Calculating Sensitivity, Specificity, and Predictive Values for Correlated Eye Data

• Published in: Investigative ophthalmology & visual science Vol. 61; no. 11; p. 29
• Main Authors: Ying, Gui-Shuang, Maguire, Maureen G., Glynn, Robert J., Rosner, Bernard
• Format: Journal Article
• Language: English
• Published: United States The Association for Research in Vision and Ophthalmology 01.09.2020
• Subjects: Female; Focus on Data; Gestational Age; Humans; Infant; Male; Ophthalmoscopy - methods; Predictive Value of Tests; Retina - pathology; Retinopathy of Prematurity - diagnosis; ROC Curve; Telemedicine - methods
• ISSN: 1552-5783; 0146-0404; 1552-5783
• DOI: 10.1167/iovs.61.11.29

To describe and demonstrate appropriate statistical approaches for estimating sensitivity, specificity, predictive values and their 95% confidence intervals (95% CI) for correlated eye data.

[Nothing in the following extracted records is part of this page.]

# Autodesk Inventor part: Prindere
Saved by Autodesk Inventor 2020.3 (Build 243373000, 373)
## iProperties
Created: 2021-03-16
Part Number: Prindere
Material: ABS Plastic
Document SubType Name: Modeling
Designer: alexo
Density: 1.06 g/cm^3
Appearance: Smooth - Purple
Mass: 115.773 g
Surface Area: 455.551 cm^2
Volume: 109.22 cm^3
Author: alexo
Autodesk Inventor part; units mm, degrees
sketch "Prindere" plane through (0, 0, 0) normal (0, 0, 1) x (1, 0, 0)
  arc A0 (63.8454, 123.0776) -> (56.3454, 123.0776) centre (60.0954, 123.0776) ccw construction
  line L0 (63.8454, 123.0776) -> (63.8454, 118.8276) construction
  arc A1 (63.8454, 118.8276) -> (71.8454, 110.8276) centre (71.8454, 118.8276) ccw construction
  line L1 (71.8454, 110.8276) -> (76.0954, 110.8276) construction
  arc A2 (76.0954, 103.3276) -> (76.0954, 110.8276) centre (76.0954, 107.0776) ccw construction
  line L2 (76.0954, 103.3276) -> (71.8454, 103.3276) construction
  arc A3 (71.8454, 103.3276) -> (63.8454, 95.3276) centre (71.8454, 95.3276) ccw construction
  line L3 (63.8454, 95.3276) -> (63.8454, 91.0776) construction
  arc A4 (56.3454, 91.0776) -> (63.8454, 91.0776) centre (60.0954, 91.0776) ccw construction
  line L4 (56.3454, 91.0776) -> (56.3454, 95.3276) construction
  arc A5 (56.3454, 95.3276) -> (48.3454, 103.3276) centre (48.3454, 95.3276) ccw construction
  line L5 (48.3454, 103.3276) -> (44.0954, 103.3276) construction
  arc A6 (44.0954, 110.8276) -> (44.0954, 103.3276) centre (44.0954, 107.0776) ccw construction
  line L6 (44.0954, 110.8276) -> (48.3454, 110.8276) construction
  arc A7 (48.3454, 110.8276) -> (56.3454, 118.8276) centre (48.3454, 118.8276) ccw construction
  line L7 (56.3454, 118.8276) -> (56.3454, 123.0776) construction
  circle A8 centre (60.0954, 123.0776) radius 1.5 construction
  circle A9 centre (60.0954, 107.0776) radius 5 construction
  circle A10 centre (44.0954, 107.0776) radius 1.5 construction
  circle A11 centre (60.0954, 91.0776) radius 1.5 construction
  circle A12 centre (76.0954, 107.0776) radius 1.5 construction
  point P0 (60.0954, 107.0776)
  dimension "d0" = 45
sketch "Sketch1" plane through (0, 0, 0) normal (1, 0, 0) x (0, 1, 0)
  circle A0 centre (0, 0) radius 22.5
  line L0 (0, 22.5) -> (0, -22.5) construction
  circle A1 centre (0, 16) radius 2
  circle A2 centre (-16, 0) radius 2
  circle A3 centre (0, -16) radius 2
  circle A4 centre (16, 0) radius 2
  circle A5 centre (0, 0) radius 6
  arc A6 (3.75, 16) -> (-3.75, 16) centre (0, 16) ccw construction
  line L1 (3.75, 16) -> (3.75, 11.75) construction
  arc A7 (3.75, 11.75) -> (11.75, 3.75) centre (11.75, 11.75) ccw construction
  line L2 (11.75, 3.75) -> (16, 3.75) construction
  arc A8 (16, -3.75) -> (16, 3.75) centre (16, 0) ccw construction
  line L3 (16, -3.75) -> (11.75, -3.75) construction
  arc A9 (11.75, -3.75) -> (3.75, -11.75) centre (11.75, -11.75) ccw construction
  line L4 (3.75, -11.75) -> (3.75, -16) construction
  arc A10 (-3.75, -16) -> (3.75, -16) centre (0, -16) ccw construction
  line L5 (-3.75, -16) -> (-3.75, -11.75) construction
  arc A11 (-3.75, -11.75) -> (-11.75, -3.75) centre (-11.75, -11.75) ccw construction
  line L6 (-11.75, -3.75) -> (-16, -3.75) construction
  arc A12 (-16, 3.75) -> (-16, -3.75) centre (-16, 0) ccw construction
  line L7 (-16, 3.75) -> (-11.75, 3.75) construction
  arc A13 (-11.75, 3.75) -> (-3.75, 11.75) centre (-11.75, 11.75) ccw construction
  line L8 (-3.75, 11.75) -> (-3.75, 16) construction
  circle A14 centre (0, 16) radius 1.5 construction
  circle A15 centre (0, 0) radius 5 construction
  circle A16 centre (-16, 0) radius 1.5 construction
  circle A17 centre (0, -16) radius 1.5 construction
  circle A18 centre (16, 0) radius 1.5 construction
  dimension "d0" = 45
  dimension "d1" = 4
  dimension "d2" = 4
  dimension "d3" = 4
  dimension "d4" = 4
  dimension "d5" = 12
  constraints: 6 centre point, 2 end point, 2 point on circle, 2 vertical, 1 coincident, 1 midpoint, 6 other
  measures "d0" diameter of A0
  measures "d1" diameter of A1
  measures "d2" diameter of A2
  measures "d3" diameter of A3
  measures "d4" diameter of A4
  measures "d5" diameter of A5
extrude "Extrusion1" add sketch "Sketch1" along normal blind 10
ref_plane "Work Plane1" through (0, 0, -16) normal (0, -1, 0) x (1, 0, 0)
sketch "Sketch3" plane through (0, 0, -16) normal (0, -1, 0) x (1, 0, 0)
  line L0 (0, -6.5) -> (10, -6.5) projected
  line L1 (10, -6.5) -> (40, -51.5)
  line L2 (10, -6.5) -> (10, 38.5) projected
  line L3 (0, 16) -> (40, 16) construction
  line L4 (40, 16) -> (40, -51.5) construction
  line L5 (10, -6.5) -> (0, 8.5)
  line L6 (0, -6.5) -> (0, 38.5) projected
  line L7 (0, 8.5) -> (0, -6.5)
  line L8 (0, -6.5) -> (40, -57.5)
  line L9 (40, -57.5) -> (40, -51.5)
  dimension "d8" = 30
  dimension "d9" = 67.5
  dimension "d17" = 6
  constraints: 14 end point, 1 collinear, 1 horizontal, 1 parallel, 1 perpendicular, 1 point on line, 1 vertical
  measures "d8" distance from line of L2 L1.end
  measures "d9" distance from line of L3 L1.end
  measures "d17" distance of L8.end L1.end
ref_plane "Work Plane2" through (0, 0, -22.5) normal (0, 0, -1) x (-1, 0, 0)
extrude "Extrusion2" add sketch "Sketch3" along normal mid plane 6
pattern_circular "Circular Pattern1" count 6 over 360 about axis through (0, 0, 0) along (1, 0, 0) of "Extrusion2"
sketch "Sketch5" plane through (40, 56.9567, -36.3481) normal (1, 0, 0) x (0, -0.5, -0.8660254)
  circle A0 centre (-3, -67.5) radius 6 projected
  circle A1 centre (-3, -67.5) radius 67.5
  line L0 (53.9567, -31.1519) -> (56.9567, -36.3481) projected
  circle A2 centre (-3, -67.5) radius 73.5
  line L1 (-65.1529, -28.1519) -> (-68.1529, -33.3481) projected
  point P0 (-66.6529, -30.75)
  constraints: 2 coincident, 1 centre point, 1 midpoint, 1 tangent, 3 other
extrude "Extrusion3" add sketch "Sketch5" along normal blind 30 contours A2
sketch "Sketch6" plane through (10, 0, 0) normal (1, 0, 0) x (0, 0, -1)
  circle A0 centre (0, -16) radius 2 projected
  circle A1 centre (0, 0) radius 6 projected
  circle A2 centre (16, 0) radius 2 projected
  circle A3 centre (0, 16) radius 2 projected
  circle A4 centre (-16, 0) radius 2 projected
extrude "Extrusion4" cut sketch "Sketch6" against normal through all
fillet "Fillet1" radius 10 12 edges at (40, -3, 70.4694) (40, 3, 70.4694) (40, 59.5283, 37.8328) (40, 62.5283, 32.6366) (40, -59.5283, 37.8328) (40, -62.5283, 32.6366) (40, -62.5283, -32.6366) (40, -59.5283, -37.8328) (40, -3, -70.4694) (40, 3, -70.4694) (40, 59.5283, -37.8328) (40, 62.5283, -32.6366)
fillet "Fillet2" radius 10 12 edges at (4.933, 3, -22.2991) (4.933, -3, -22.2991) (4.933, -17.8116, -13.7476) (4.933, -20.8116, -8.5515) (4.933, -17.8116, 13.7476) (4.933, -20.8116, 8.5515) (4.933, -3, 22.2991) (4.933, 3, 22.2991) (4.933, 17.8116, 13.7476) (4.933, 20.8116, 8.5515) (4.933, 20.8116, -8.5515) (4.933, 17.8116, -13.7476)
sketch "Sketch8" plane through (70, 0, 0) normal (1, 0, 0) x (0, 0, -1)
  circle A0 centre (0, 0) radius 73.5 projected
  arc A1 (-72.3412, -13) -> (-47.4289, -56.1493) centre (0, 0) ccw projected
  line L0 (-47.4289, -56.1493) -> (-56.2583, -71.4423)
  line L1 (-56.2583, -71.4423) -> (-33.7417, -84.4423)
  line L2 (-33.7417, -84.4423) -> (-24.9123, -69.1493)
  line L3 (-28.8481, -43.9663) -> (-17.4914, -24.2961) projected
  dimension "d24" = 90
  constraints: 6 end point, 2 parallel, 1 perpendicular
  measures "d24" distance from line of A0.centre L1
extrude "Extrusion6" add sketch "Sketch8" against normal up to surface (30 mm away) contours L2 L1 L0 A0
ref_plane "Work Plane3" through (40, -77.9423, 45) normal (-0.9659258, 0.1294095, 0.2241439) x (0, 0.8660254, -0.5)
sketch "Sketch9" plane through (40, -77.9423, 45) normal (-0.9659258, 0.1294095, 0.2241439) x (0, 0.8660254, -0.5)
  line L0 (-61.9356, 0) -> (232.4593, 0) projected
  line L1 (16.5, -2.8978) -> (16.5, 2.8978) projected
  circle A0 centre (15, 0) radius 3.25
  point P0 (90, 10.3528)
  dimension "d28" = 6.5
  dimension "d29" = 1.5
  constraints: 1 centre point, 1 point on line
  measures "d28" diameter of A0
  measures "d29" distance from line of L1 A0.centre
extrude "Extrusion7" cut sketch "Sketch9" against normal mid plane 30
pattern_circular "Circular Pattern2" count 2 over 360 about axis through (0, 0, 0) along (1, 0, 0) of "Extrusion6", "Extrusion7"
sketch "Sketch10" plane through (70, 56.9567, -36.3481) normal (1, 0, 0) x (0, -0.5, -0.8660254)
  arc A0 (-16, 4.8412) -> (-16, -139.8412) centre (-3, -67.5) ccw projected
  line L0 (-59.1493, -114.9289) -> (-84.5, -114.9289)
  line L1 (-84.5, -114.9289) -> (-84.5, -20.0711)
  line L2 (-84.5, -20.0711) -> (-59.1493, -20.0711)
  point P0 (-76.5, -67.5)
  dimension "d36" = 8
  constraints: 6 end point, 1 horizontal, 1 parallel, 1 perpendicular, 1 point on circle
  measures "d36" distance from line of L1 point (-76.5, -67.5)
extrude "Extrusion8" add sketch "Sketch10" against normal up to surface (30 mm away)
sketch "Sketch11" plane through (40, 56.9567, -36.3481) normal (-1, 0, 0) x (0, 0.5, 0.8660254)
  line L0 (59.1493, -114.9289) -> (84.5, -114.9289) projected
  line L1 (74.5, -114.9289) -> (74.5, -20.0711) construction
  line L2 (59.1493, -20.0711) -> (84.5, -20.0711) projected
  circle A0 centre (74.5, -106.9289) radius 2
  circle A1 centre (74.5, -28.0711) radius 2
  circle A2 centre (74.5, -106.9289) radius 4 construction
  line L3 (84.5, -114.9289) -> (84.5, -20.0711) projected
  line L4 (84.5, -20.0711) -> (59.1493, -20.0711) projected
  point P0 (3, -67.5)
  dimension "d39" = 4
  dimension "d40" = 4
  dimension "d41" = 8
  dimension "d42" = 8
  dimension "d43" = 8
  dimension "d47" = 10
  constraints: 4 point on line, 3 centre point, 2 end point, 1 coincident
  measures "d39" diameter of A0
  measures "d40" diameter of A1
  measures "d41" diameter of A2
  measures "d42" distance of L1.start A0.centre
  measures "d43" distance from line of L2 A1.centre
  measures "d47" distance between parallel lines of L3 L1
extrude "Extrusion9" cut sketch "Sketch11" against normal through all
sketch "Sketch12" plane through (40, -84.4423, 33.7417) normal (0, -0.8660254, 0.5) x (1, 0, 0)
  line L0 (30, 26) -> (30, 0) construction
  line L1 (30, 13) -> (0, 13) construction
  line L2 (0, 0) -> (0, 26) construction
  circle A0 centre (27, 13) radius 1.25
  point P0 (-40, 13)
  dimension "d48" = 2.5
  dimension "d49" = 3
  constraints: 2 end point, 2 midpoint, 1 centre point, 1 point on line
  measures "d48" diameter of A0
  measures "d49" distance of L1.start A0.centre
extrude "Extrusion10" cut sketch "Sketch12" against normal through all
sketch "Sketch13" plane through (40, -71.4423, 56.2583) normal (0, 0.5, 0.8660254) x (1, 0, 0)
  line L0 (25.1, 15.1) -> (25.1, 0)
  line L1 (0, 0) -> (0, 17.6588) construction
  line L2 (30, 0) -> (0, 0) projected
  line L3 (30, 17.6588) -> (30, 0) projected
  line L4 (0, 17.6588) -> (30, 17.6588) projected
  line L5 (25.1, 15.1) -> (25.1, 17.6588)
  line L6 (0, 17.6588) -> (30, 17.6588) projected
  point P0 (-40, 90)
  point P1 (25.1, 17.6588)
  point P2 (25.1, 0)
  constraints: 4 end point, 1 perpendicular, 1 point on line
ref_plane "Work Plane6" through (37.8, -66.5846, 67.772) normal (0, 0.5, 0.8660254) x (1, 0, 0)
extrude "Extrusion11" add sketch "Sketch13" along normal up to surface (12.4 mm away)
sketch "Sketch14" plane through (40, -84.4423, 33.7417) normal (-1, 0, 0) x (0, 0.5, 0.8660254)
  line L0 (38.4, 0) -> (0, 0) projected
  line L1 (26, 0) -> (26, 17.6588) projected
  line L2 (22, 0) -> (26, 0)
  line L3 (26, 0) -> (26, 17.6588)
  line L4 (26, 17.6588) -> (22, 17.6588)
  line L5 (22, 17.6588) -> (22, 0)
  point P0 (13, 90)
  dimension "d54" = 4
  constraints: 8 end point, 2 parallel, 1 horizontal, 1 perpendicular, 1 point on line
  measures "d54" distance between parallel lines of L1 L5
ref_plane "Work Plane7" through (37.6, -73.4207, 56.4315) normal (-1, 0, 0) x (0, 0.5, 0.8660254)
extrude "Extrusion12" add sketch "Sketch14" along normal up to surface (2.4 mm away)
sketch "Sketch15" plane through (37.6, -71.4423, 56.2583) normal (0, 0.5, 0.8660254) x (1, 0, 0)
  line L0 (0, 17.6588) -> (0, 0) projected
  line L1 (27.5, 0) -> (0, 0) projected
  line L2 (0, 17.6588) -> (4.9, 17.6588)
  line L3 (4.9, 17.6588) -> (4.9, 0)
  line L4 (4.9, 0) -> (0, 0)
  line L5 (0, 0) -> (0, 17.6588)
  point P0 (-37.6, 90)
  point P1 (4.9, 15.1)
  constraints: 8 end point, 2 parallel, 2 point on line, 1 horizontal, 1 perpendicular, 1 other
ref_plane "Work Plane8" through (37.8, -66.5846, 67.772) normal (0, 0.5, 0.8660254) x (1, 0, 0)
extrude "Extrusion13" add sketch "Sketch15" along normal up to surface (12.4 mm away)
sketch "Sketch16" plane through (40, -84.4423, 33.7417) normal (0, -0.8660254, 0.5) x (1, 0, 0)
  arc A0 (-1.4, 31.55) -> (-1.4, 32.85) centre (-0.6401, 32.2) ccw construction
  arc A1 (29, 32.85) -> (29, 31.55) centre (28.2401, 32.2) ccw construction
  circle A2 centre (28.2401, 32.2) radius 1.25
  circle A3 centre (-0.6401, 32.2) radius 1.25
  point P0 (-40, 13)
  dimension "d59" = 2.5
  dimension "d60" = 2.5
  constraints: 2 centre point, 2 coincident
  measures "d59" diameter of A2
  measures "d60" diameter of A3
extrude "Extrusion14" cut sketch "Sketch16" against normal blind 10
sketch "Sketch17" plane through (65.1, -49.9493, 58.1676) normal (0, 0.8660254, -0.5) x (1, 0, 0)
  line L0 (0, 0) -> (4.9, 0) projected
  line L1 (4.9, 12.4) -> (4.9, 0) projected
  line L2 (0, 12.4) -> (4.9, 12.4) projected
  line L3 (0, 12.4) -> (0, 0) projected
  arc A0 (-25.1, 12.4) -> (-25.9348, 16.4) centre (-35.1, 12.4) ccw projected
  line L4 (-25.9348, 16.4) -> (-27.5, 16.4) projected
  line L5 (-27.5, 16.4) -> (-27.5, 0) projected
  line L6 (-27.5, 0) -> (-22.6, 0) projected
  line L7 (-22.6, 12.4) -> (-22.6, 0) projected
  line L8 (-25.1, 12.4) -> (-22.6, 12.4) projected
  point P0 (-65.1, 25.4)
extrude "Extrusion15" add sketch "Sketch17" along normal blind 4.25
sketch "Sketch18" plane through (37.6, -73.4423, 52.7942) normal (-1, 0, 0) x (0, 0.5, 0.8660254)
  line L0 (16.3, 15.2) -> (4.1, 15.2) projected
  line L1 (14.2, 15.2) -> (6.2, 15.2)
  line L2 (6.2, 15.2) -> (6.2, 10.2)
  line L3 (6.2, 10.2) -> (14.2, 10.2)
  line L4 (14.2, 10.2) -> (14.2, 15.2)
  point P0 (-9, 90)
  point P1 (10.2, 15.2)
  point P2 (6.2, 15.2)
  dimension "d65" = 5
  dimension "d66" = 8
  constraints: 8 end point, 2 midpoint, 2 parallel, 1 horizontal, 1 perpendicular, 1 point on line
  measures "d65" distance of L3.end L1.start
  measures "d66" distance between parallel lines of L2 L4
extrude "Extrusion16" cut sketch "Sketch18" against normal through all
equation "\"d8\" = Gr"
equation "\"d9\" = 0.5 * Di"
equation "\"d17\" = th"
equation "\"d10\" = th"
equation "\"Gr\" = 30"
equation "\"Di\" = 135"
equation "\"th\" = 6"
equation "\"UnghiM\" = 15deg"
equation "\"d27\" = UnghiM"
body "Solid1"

We described generalized estimating equations (GEE) and cluster bootstrap to account for inter-eye correlation and applied them for analyzing the data from a clinical study of telemedicine for the detection of retinopathy of prematurity (ROP). Among 100 infants (200 eyes) selected for analysis, 20 infants had referral-warranted ROP (RW-ROP) in both eyes and 9 infants with RW-ROP only in one eye based on clinical eye examination. In the per-eye analysis that included both eyes of an infant, the image evaluation for RW-ROP had sensitivity of 83.7% and specificity of 86.8%. The 95% CI's from the naïve approach that ignored the inter-eye correlation were narrower than those of the GEE approach and cluster bootstrap for both sensitivity (width of 95% CI: 22.4% vs. 23.2% vs. 23.9%) and specificity (11.4% vs. 12.5% vs. 11.6%). The 95% CIs for sensitivity and specificity calculated from left eyes and right eyes separately were wider (35.2% and 30.8% respectively for sensitivity, 25.4% and 17.3% respectively for specificity). When an ocular test is performed in both eyes of some or all of the study subjects, the statistical analyses are best performed at the eye-level and account for the inter-eye correlation by using either the GEE or cluster bootstrap. Ignoring the inter-eye correlation results in 95% CIs that are inappropriately narrow and analyzing data from two eyes separately are not efficient.